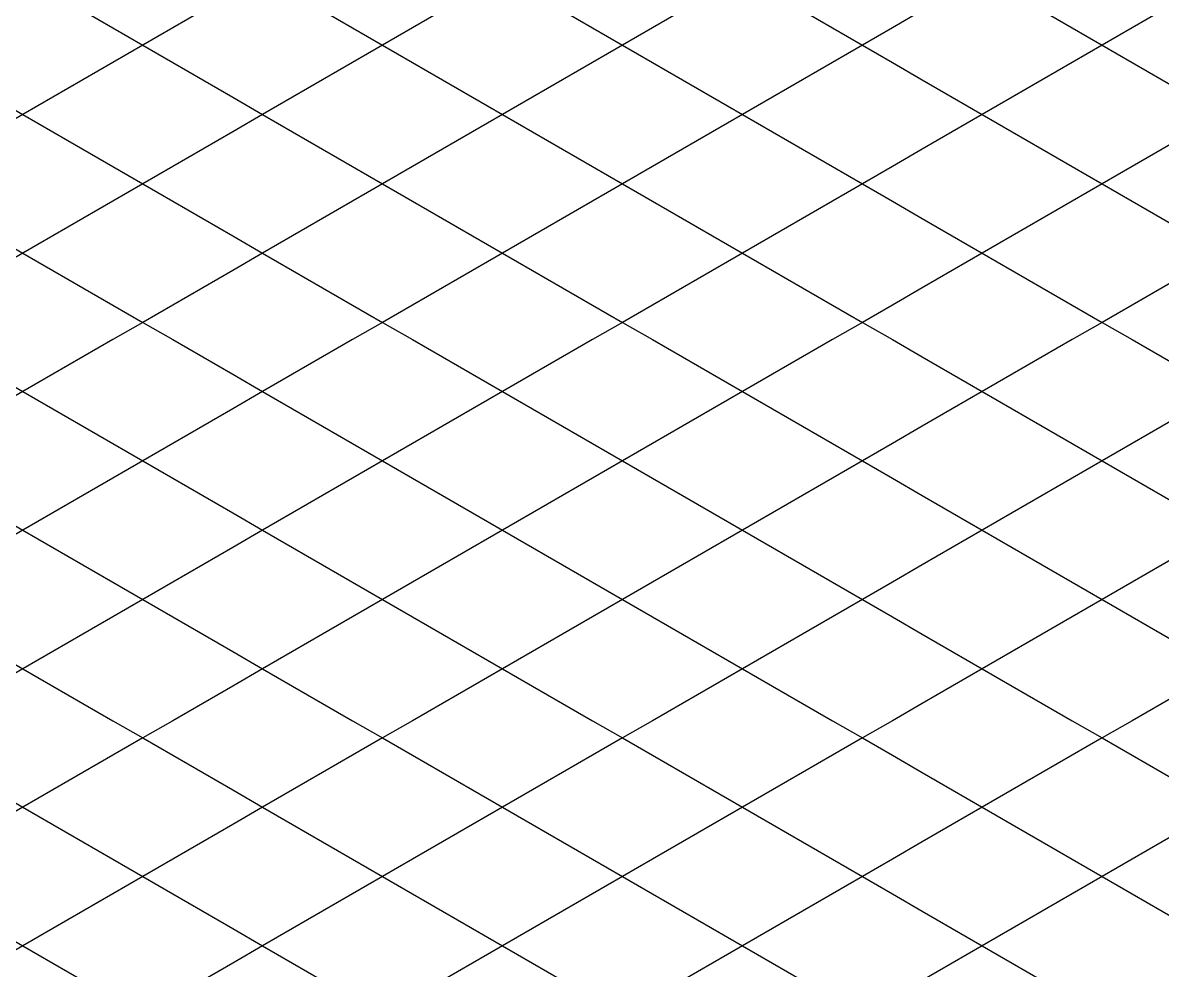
# Model space of a CAD drawing. Header units: metres. Extents: x 0 to 1028, y -291 to 246.
# Drawn here: x 228.7 to 289.1, y -111.8 to -61.5 of the extents above; entities that cross this region are included whole.
import ezdxf

# ---------------------------------------------------------------- set-up
doc = ezdxf.new("R2010")
doc.units = ezdxf.units.M
doc.layers.add('LAYER_02_PROJECTION', color=7, linetype='Continuous')

msp = doc.modelspace()

# ---------------------------------------------------------------- linework, layer by layer
at = {"layer": 'LAYER_02_PROJECTION'}
for points in [[(228.678, -59.033), (230.269, -59.951), (231.86, -60.87), (233.451, -61.788), (235.042, -62.707)], [(228.678, -59.033), (230.269, -59.951), (231.86, -60.87), (233.451, -61.788), (235.042, -62.707)], [(241.406, -59.033), (239.815, -59.951), (238.224, -60.87), (236.633, -61.788), (235.042, -62.707)], [(241.406, -59.033), (239.815, -59.951), (238.224, -60.87), (236.633, -61.788), (235.042, -62.707)], [(241.406, -59.033), (242.997, -59.951), (244.588, -60.87), (246.179, -61.788), (247.77, -62.707)], [(241.406, -59.033), (242.997, -59.951), (244.588, -60.87), (246.179, -61.788), (247.77, -62.707)], [(254.134, -59.033), (252.543, -59.951), (250.952, -60.87), (249.361, -61.788), (247.77, -62.707)], [(254.134, -59.033), (252.543, -59.951), (250.952, -60.87), (249.361, -61.788), (247.77, -62.707)], [(254.134, -59.033), (255.725, -59.951), (257.316, -60.87), (258.907, -61.788), (260.498, -62.707)], [(254.134, -59.033), (255.725, -59.951), (257.316, -60.87), (258.907, -61.788), (260.498, -62.707)], [(266.862, -59.033), (265.271, -59.951), (263.68, -60.87), (262.089, -61.788), (260.498, -62.707)], [(266.862, -59.033), (265.271, -59.951), (263.68, -60.87), (262.089, -61.788), (260.498, -62.707)], [(266.862, -59.033), (268.453, -59.951), (270.044, -60.87), (271.635, -61.788), (273.226, -62.707)], [(266.862, -59.033), (268.453, -59.951), (270.044, -60.87), (271.635, -61.788), (273.226, -62.707)], [(279.59, -59.033), (277.999, -59.951), (276.408, -60.87), (274.817, -61.788), (273.226, -62.707)], [(279.59, -59.033), (277.999, -59.951), (276.408, -60.87), (274.817, -61.788), (273.226, -62.707)], [(279.59, -59.033), (281.181, -59.951), (282.772, -60.87), (284.363, -61.788), (285.954, -62.707)], [(279.59, -59.033), (281.181, -59.951), (282.772, -60.87), (284.363, -61.788), (285.954, -62.707)], [(292.318, -59.033), (290.727, -59.951), (289.136, -60.87), (287.545, -61.788), (285.954, -62.707)], [(292.318, -59.033), (290.727, -59.951), (289.136, -60.87), (287.545, -61.788), (285.954, -62.707)], [(222.314, -62.707), (223.905, -63.625), (225.496, -64.544), (227.087, -65.463), (228.678, -66.381)], [(222.314, -62.707), (223.905, -63.625), (225.496, -64.544), (227.087, -65.463), (228.678, -66.381)], [(235.042, -62.707), (233.451, -63.625), (231.86, -64.544), (230.269, -65.463), (228.678, -66.381)], [(235.042, -62.707), (233.451, -63.625), (231.86, -64.544), (230.269, -65.463), (228.678, -66.381)], [(235.042, -62.707), (236.633, -63.625), (238.224, -64.544), (239.815, -65.463), (241.406, -66.381)], [(235.042, -62.707), (236.633, -63.625), (238.224, -64.544), (239.815, -65.463), (241.406, -66.381)], [(247.77, -62.707), (246.179, -63.625), (244.588, -64.544), (242.997, -65.463), (241.406, -66.381)], [(247.77, -62.707), (246.179, -63.625), (244.588, -64.544), (242.997, -65.463), (241.406, -66.381)], [(247.77, -62.707), (249.361, -63.625), (250.952, -64.544), (252.543, -65.463), (254.134, -66.381)], [(247.77, -62.707), (249.361, -63.625), (250.952, -64.544), (252.543, -65.463), (254.134, -66.381)], [(260.498, -62.707), (258.907, -63.625), (257.316, -64.544), (255.725, -65.463), (254.134, -66.381)], [(260.498, -62.707), (258.907, -63.625), (257.316, -64.544), (255.725, -65.463), (254.134, -66.381)], [(260.498, -62.707), (262.089, -63.625), (263.68, -64.544), (265.271, -65.463), (266.862, -66.381)], [(260.498, -62.707), (262.089, -63.625), (263.68, -64.544), (265.271, -65.463), (266.862, -66.381)], [(273.226, -62.707), (271.635, -63.625), (270.044, -64.544), (268.453, -65.463), (266.862, -66.381)], [(273.226, -62.707), (271.635, -63.625), (270.044, -64.544), (268.453, -65.463), (266.862, -66.381)], [(273.226, -62.707), (274.817, -63.625), (276.408, -64.544), (277.999, -65.463), (279.59, -66.381)], [(273.226, -62.707), (274.817, -63.625), (276.408, -64.544), (277.999, -65.463), (279.59, -66.381)], [(285.954, -62.707), (284.363, -63.625), (282.772, -64.544), (281.181, -65.463), (279.59, -66.381)], [(285.954, -62.707), (284.363, -63.625), (282.772, -64.544), (281.181, -65.463), (279.59, -66.381)], [(285.954, -62.707), (287.545, -63.625), (289.136, -64.544), (290.727, -65.463), (292.318, -66.381)], [(285.954, -62.707), (287.545, -63.625), (289.136, -64.544), (290.727, -65.463), (292.318, -66.381)], [(228.678, -66.381), (227.087, -67.3), (225.496, -68.218), (223.905, -69.137), (222.314, -70.055)], [(228.678, -66.381), (227.087, -67.3), (225.496, -68.218), (223.905, -69.137), (222.314, -70.055)], [(228.678, -66.381), (230.269, -67.3), (231.86, -68.218), (233.451, -69.137), (235.042, -70.055)], [(228.678, -66.381), (230.269, -67.3), (231.86, -68.218), (233.451, -69.137), (235.042, -70.055)], [(241.406, -66.381), (239.815, -67.3), (238.224, -68.218), (236.633, -69.137), (235.042, -70.055)], [(241.406, -66.381), (239.815, -67.3), (238.224, -68.218), (236.633, -69.137), (235.042, -70.055)], [(241.406, -66.381), (242.997, -67.3), (244.588, -68.218), (246.179, -69.137), (247.77, -70.055)], [(241.406, -66.381), (242.997, -67.3), (244.588, -68.218), (246.179, -69.137), (247.77, -70.055)], [(254.134, -66.381), (252.543, -67.3), (250.952, -68.218), (249.361, -69.137), (247.77, -70.055)], [(254.134, -66.381), (252.543, -67.3), (250.952, -68.218), (249.361, -69.137), (247.77, -70.055)], [(254.134, -66.381), (255.725, -67.3), (257.316, -68.218), (258.907, -69.137), (260.498, -70.055)], [(254.134, -66.381), (255.725, -67.3), (257.316, -68.218), (258.907, -69.137), (260.498, -70.055)], [(266.862, -66.381), (265.271, -67.3), (263.68, -68.218), (262.089, -69.137), (260.498, -70.055)], [(266.862, -66.381), (265.271, -67.3), (263.68, -68.218), (262.089, -69.137), (260.498, -70.055)], [(266.862, -66.381), (268.453, -67.3), (270.044, -68.218), (271.635, -69.137), (273.226, -70.055)], [(266.862, -66.381), (268.453, -67.3), (270.044, -68.218), (271.635, -69.137), (273.226, -70.055)], [(279.59, -66.381), (277.999, -67.3), (276.408, -68.218), (274.817, -69.137), (273.226, -70.055)], [(279.59, -66.381), (277.999, -67.3), (276.408, -68.218), (274.817, -69.137), (273.226, -70.055)], [(279.59, -66.381), (281.181, -67.3), (282.772, -68.218), (284.363, -69.137), (285.954, -70.055)], [(279.59, -66.381), (281.181, -67.3), (282.772, -68.218), (284.363, -69.137), (285.954, -70.055)], [(292.318, -66.381), (290.727, -67.3), (289.136, -68.218), (287.545, -69.137), (285.954, -70.055)], [(292.318, -66.381), (290.727, -67.3), (289.136, -68.218), (287.545, -69.137), (285.954, -70.055)], [(222.314, -70.055), (223.905, -70.974), (225.496, -71.893), (227.087, -72.811), (228.678, -73.73)], [(222.314, -70.055), (223.905, -70.974), (225.496, -71.893), (227.087, -72.811), (228.678, -73.73)], [(235.042, -70.055), (233.451, -70.974), (231.86, -71.893), (230.269, -72.811), (228.678, -73.73)], [(235.042, -70.055), (233.451, -70.974), (231.86, -71.893), (230.269, -72.811), (228.678, -73.73)], [(235.042, -70.055), (236.633, -70.974), (238.224, -71.893), (239.815, -72.811), (241.406, -73.73)], [(235.042, -70.055), (236.633, -70.974), (238.224, -71.893), (239.815, -72.811), (241.406, -73.73)], [(247.77, -70.055), (246.179, -70.974), (244.588, -71.893), (242.997, -72.811), (241.406, -73.73)], [(247.77, -70.055), (246.179, -70.974), (244.588, -71.893), (242.997, -72.811), (241.406, -73.73)], [(247.77, -70.055), (249.361, -70.974), (250.952, -71.893), (252.543, -72.811), (254.134, -73.73)], [(247.77, -70.055), (249.361, -70.974), (250.952, -71.893), (252.543, -72.811), (254.134, -73.73)], [(260.498, -70.055), (258.907, -70.974), (257.316, -71.893), (255.725, -72.811), (254.134, -73.73)], [(260.498, -70.055), (258.907, -70.974), (257.316, -71.893), (255.725, -72.811), (254.134, -73.73)], [(260.498, -70.055), (262.089, -70.974), (263.68, -71.893), (265.271, -72.811), (266.862, -73.73)], [(260.498, -70.055), (262.089, -70.974), (263.68, -71.893), (265.271, -72.811), (266.862, -73.73)], [(273.226, -70.055), (271.635, -70.974), (270.044, -71.893), (268.453, -72.811), (266.862, -73.73)], [(273.226, -70.055), (271.635, -70.974), (270.044, -71.893), (268.453, -72.811), (266.862, -73.73)], [(273.226, -70.055), (274.817, -70.974), (276.408, -71.893), (277.999, -72.811), (279.59, -73.73)], [(273.226, -70.055), (274.817, -70.974), (276.408, -71.893), (277.999, -72.811), (279.59, -73.73)], [(285.954, -70.055), (284.363, -70.974), (282.772, -71.893), (281.181, -72.811), (279.59, -73.73)], [(285.954, -70.055), (284.363, -70.974), (282.772, -71.893), (281.181, -72.811), (279.59, -73.73)], [(285.954, -70.055), (287.545, -70.974), (289.136, -71.893), (290.727, -72.811), (292.318, -73.73)], [(285.954, -70.055), (287.545, -70.974), (289.136, -71.893), (290.727, -72.811), (292.318, -73.73)], [(228.678, -73.73), (227.087, -74.648), (225.496, -75.567), (223.905, -76.485), (222.314, -77.404)], [(228.678, -73.73), (227.087, -74.648), (225.496, -75.567), (223.905, -76.485), (222.314, -77.404)], [(228.678, -73.73), (230.269, -74.648), (231.86, -75.567), (233.451, -76.485), (235.042, -77.404)], [(228.678, -73.73), (230.269, -74.648), (231.86, -75.567), (233.451, -76.485), (235.042, -77.404)], [(241.406, -73.73), (239.815, -74.648), (238.224, -75.567), (236.633, -76.485), (235.042, -77.404)], [(241.406, -73.73), (239.815, -74.648), (238.224, -75.567), (236.633, -76.485), (235.042, -77.404)], [(241.406, -73.73), (242.997, -74.648), (244.588, -75.567), (246.179, -76.485), (247.77, -77.404)], [(241.406, -73.73), (242.997, -74.648), (244.588, -75.567), (246.179, -76.485), (247.77, -77.404)], [(254.134, -73.73), (252.543, -74.648), (250.952, -75.567), (249.361, -76.485), (247.77, -77.404)], [(254.134, -73.73), (252.543, -74.648), (250.952, -75.567), (249.361, -76.485), (247.77, -77.404)], [(254.134, -73.73), (255.725, -74.648), (257.316, -75.567), (258.907, -76.485), (260.498, -77.404)], [(254.134, -73.73), (255.725, -74.648), (257.316, -75.567), (258.907, -76.485), (260.498, -77.404)], [(266.862, -73.73), (265.271, -74.648), (263.68, -75.567), (262.089, -76.485), (260.498, -77.404)], [(266.862, -73.73), (265.271, -74.648), (263.68, -75.567), (262.089, -76.485), (260.498, -77.404)], [(266.862, -73.73), (268.453, -74.648), (270.044, -75.567), (271.635, -76.485), (273.226, -77.404)], [(266.862, -73.73), (268.453, -74.648), (270.044, -75.567), (271.635, -76.485), (273.226, -77.404)], [(279.59, -73.73), (277.999, -74.648), (276.408, -75.567), (274.817, -76.485), (273.226, -77.404)], [(279.59, -73.73), (277.999, -74.648), (276.408, -75.567), (274.817, -76.485), (273.226, -77.404)], [(279.59, -73.73), (281.181, -74.648), (282.772, -75.567), (284.363, -76.485), (285.954, -77.404)], [(279.59, -73.73), (281.181, -74.648), (282.772, -75.567), (284.363, -76.485), (285.954, -77.404)], [(292.318, -73.73), (290.727, -74.648), (289.136, -75.567), (287.545, -76.485), (285.954, -77.404)], [(292.318, -73.73), (290.727, -74.648), (289.136, -75.567), (287.545, -76.485), (285.954, -77.404)], [(222.314, -77.404), (223.905, -78.322), (225.496, -79.241), (227.087, -80.16), (228.678, -81.078)], [(222.314, -77.404), (223.905, -78.322), (225.496, -79.241), (227.087, -80.16), (228.678, -81.078)], [(235.042, -77.404), (233.451, -78.322), (231.86, -79.241), (230.269, -80.16), (228.678, -81.078)], [(235.042, -77.404), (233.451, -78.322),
*-*-*
- What to do -
How many lines in the entries include the string "ezdxf"? Answer with the number alone.

- Response area -
3